[Start of section]
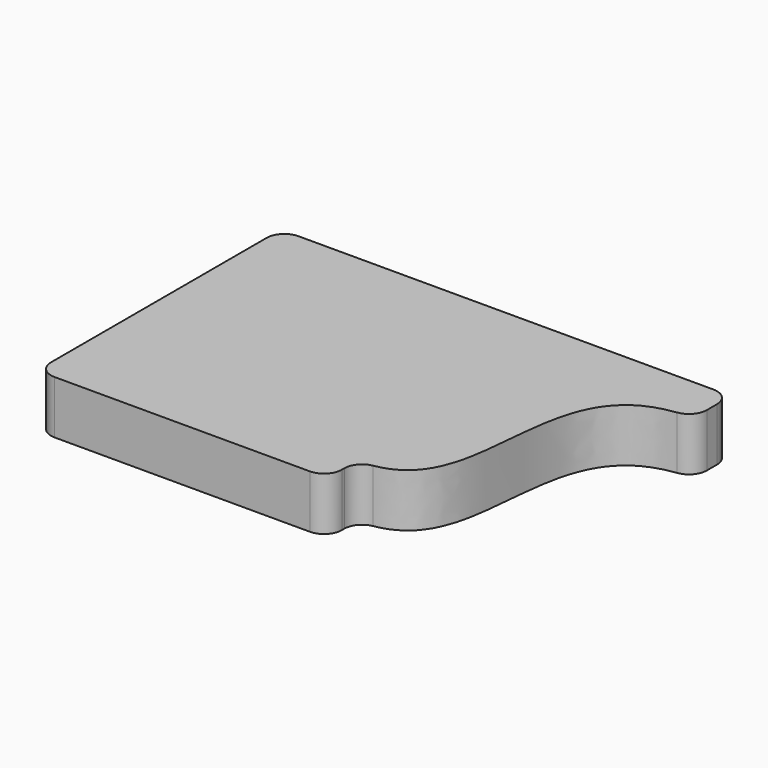
from build123d import *

# Parameters (mm, degrees)
F1_DEPTH    = 15
F2_DEPTH    = 10
F3_T1_DEPTH = 10
F3_T3_DEPTH = 15
F3_T5_DEPTH = 10
F3_T7_DEPTH = 15


# Not quite as in the source:
# - a fillet or chamfer that OpenCascade refuses, or shapes differently, is made with other operations: its cross-section is extruded or revolved along the edge and cut away or added


with BuildPart() as f1:
    # F0 (on Top) → F1 (new body)
    with BuildSketch(Plane.XY):
        with BuildLine():
            Line((49.4806755117, 19.463416189), (49.4806755117, 32.7418245673))
            Line((49.4806755117, 32.7418245673), (-77.5193244883, 32.7418245673))
            Line((-77.5193244883, 32.7418245673), (-77.5193244883, -53.2581754327))
            Line((-77.5193244883, -53.2581754327), (4.4806755117, -53.2581754327))
            Line((4.4806755117, -53.2581754327), (4.4806755117, -42.7682958543))
            add(Edge.make_bspline(
                [(49.4806755117, 19.463416189), (7.0367345721, 19.1974722368), (40.0757081807, -42.7682958543), (4.4806755117, -42.7682958543)],
                knots=[0, 0, 0, 0, 76.7970441088, 76.7970441088, 76.7970441088, 76.7970441088], degree=3))
        make_face()
        with BuildLine():
            Line((-75.5193244883, 30.7418245673), (47.4806755117, 30.7418245673))
            Line((47.4806755117, 30.7418245673), (47.4806755117, 21.7418245673))
            add(Edge.make_bspline(
                [(47.4806755117, 21.7418245673), (7.0367345721, 21.7418245681), (35.4659482837, -40.9756116569), (2.4806755117, -40.2581754327)],
                knots=[0, 0, 0, 0, 76.6093989012, 76.6093989012, 76.6093989012, 76.6093989012], degree=3))
            Line((2.4806755117, -40.2581754327), (2.4806755117, -51.2581754327))
            Line((2.4806755117, -51.2581754327), (-75.5193244883, -51.2581754327))
            Line((-75.5193244883, -51.2581754327), (-75.5193244883, 30.7418245673))
        make_face(mode=Mode.SUBTRACT)
        with BuildLine():
            Line((47.4806755117, 21.7418245673), (47.4806755117, 30.7418245673))
            Line((47.4806755117, 30.7418245673), (-75.5193244883, 30.7418245673))
            Line((-75.5193244883, 30.7418245673), (-75.5193244883, -51.2581754327))
            Line((-75.5193244883, -51.2581754327), (2.4806755117, -51.2581754327))
            Line((2.4806755117, -51.2581754327), (2.4806755117, -40.2581754327))
            add(Edge.make_bspline(
                [(47.4806755117, 21.7418245673), (7.0367345721, 21.7418245681), (35.4659482837, -40.9756116569), (2.4806755117, -40.2581754327)],
                knots=[0, 0, 0, 0, 76.6093989012, 76.6093989012, 76.6093989012, 76.6093989012], degree=3))
        make_face()
    extrude(amount=F1_DEPTH)

    # F0 (on Top) → F2 (cut)
    with BuildSketch(Plane.XY):
        with BuildLine():
            Line((47.4806755117, 21.7418245673), (47.4806755117, 30.7418245673))
            Line((47.4806755117, 30.7418245673), (-75.5193244883, 30.7418245673))
            Line((-75.5193244883, 30.7418245673), (-75.5193244883, -51.2581754327))
            Line((-75.5193244883, -51.2581754327), (2.4806755117, -51.2581754327))
            Line((2.4806755117, -51.2581754327), (2.4806755117, -40.2581754327))
            add(Edge.make_bspline(
                [(47.4806755117, 21.7418245673), (7.0367345721, 21.7418245681), (35.4659482837, -40.9756116569), (2.4806755117, -40.2581754327)],
                knots=[0, 0, 0, 0, 76.6093989012, 76.6093989012, 76.6093989012, 76.6093989012], degree=3))
        make_face()
    extrude(amount=F2_DEPTH, mode=Mode.SUBTRACT)

    # F3: fillet of radius 5 on 12 edges, made by hand

    # F3_s2 → F3_t1 (join)
    with BuildSketch(Plane.XY):
        with BuildLine():
            ThreePointArc((-2.5193244883, -51.2581754327), (1.0162094176, -49.7937093386), (2.4806755117, -46.2581754327))
            Line((2.4806755117, -46.2581754327), (2.5806755117, -46.2581754327))
            Line((2.5806755117, -46.2581754327), (2.5806755117, -51.3581754327))
            Line((2.5806755117, -51.3581754327), (-2.5193244883, -51.3581754327))
            Line((-2.5193244883, -51.3581754327), (-2.5193244883, -51.2581754327))
        make_face()
        with BuildLine():
            ThreePointArc((-75.5193244883, -46.2581754327), (-74.0548583942, -49.7937093386), (-70.5193244883, -51.2581754327))
            Line((-70.5193244883, -51.2581754327), (-70.5193244883, -51.3581754327))
            Line((-70.5193244883, -51.3581754327), (-75.6193244883, -51.3581754327))
            Line((-75.6193244883, -51.3581754327), (-75.6193244883, -46.2581754327))
            Line((-75.6193244883, -46.2581754327), (-75.5193244883, -46.2581754327))
        make_face()
        with BuildLine():
            ThreePointArc((47.4806755117, 25.7418245673), (46.0162094176, 29.2773584733), (42.4806755117, 30.7418245673))
            Line((42.4806755117, 30.7418245673), (42.4806755117, 30.8418245673))
            Line((42.4806755117, 30.8418245673), (47.5806755117, 30.8418245673))
            Line((47.5806755117, 30.8418245673), (47.5806755117, 25.7418245673))
            Line((47.5806755117, 25.7418245673), (47.4806755117, 25.7418245673))
        make_face()
        with BuildLine():
            ThreePointArc((47.4806755117, 26.4306458763), (46.2382757051, 23.1320945599), (43.128499197, 21.4727910505))
            Line((43.128499197, 21.4727910505), (43.1414556707, 21.373633954))
            ThreePointArc((43.1414556707, 21.373633954), (45.3063470559, 21.5780729271), (47.4806755117, 21.6418245673))
            Line((47.4806755117, 21.6418245673), (47.5806755117, 21.7418245673))
            Line((47.5806755117, 21.7418245673), (47.5806755117, 26.4306458763))
            Line((47.5806755117, 26.4306458763), (47.4806755117, 26.4306458763))
        make_face()
        with BuildLine():
            ThreePointArc((-70.5193244883, 30.7418245673), (-74.0548583942, 29.2773584733), (-75.5193244883, 25.7418245673))
            Line((-75.5193244883, 25.7418245673), (-75.6193244883, 25.7418245673))
            Line((-75.6193244883, 25.7418245673), (-75.6193244883, 30.8418245673))
            Line((-75.6193244883, 30.8418245673), (-70.5193244883, 30.8418245673))
            Line((-70.5193244883, 30.8418245673), (-70.5193244883, 30.7418245673))
        make_face()
    extrude(amount=F3_T1_DEPTH)

    # F3_s4 → F3_t3 (join)
    with BuildSketch(Plane.XY):
        with BuildLine():
            ThreePointArc((8.6534072199, -42.4428158907), (5.6638481997, -44.1440694712), (4.4806755117, -47.3739037193))
            Line((4.4806755117, -47.3739037193), (4.3806755117, -47.3739037193))
            Line((4.3806755117, -47.3739037193), (4.3806755117, -42.7682958543))
            Line((4.3806755117, -42.7682958543), (4.4806755117, -42.6682958543))
            ThreePointArc((4.4806755117, -42.6682958543), (6.5660460923, -42.592345805), (8.6368618541, -42.3441941341))
            Line((8.6368618541, -42.3441941341), (8.6534072199, -42.4428158907))
        make_face()
    extrude(amount=F3_T3_DEPTH)

    # F3_s6 → F3_t5 (cut)
    with BuildSketch(Plane.XY):
        with BuildLine():
            ThreePointArc((2.4806755117, -44.8983401385), (3.654280904, -41.6798460331), (6.6241572343, -39.9722487426))
            Line((6.6241572343, -39.9722487426), (6.6070268687, -39.8737269147))
            ThreePointArc((6.6070268687, -39.8737269147), (4.5524483639, -40.1156981702), (2.4828500173, -40.1581990778))
            Line((2.4828500173, -40.1581990778), (2.3806755117, -40.2581754327))
            Line((2.3806755117, -40.2581754327), (2.3806755117, -44.8983401385))
            Line((2.3806755117, -44.8983401385), (2.4806755117, -44.8983401385))
        make_face()
    extrude(amount=F3_T5_DEPTH, mode=Mode.SUBTRACT)

    # F3_s8 → F3_t7 (cut)
    with BuildSketch(Plane.XY):
        with BuildLine():
            ThreePointArc((-77.5193244883, 27.7418245673), (-76.0548583942, 31.2773584733), (-72.5193244883, 32.7418245673))
            Line((-72.5193244883, 32.7418245673), (-72.5193244883, 32.8418245673))
            Line((-72.5193244883, 32.8418245673), (-77.6193244883, 32.8418245673))
            Line((-77.6193244883, 32.8418245673), (-77.6193244883, 27.7418245673))
            Line((-77.6193244883, 27.7418245673), (-77.5193244883, 27.7418245673))
        make_face()
        with BuildLine():
            ThreePointArc((-72.5193244883, -53.2581754327), (-76.0548583942, -51.7937093386), (-77.5193244883, -48.2581754327))
            Line((-77.5193244883, -48.2581754327), (-77.6193244883, -48.2581754327))
            Line((-77.6193244883, -48.2581754327), (-77.6193244883, -53.3581754327))
            Line((-77.6193244883, -53.3581754327), (-72.5193244883, -53.3581754327))
            Line((-72.5193244883, -53.3581754327), (-72.5193244883, -53.2581754327))
        make_face()
        with BuildLine():
            ThreePointArc((4.4806755117, -48.2581754327), (3.0162094176, -51.7937093386), (-0.5193244883, -53.2581754327))
            Line((-0.5193244883, -53.2581754327), (-0.5193244883, -53.3581754327))
            Line((-0.5193244883, -53.3581754327), (4.5806755117, -53.3581754327))
            Line((4.5806755117, -53.3581754327), (4.5806755117, -48.2581754327))
            Line((4.5806755117, -48.2581754327), (4.4806755117, -48.2581754327))
        make_face()
        with BuildLine():
            ThreePointArc((45.1004422697, 19.1903117186), (48.2289306918, 20.8425854223), (49.4806755117, 24.1517519495))
            Line((49.4806755117, 24.1517519495), (49.5806755117, 24.1517519495))
            Line((49.5806755117, 24.1517519495), (49.5806755117, 19.463416189))
            Line((49.5806755117, 19.463416189), (49.4813020764, 19.3634181519))
            ThreePointArc((49.4813020764, 19.3634181519), (47.2927078664, 19.2915430386), (45.1128376048, 19.0910829139))
            Line((45.1128376048, 19.0910829139), (45.1004422697, 19.1903117186))
        make_face()
        with BuildLine():
            ThreePointArc((44.4806755117, 32.7418245673), (48.0162094176, 31.2773584733), (49.4806755117, 27.7418245673))
            Line((49.4806755117, 27.7418245673), (49.5806755117, 27.7418245673))
            Line((49.5806755117, 27.7418245673), (49.5806755117, 32.8418245673))
            Line((49.5806755117, 32.8418245673), (44.4806755117, 32.8418245673))
            Line((44.4806755117, 32.8418245673), (44.4806755117, 32.7418245673))
        make_face()
    extrude(amount=F3_T7_DEPTH, mode=Mode.SUBTRACT)


solid = f1.part
[End of section]
### What the exercise asks
Search the records for the word "fillet". Copy every line that has it.

### Task answer
# - a fillet or chamfer that OpenCascade refuses, or shapes differently, is made with other operations: its cross-section is extruded or revolved along the edge and cut away or added
    # F3: fillet of radius 5 on 12 edges, made by hand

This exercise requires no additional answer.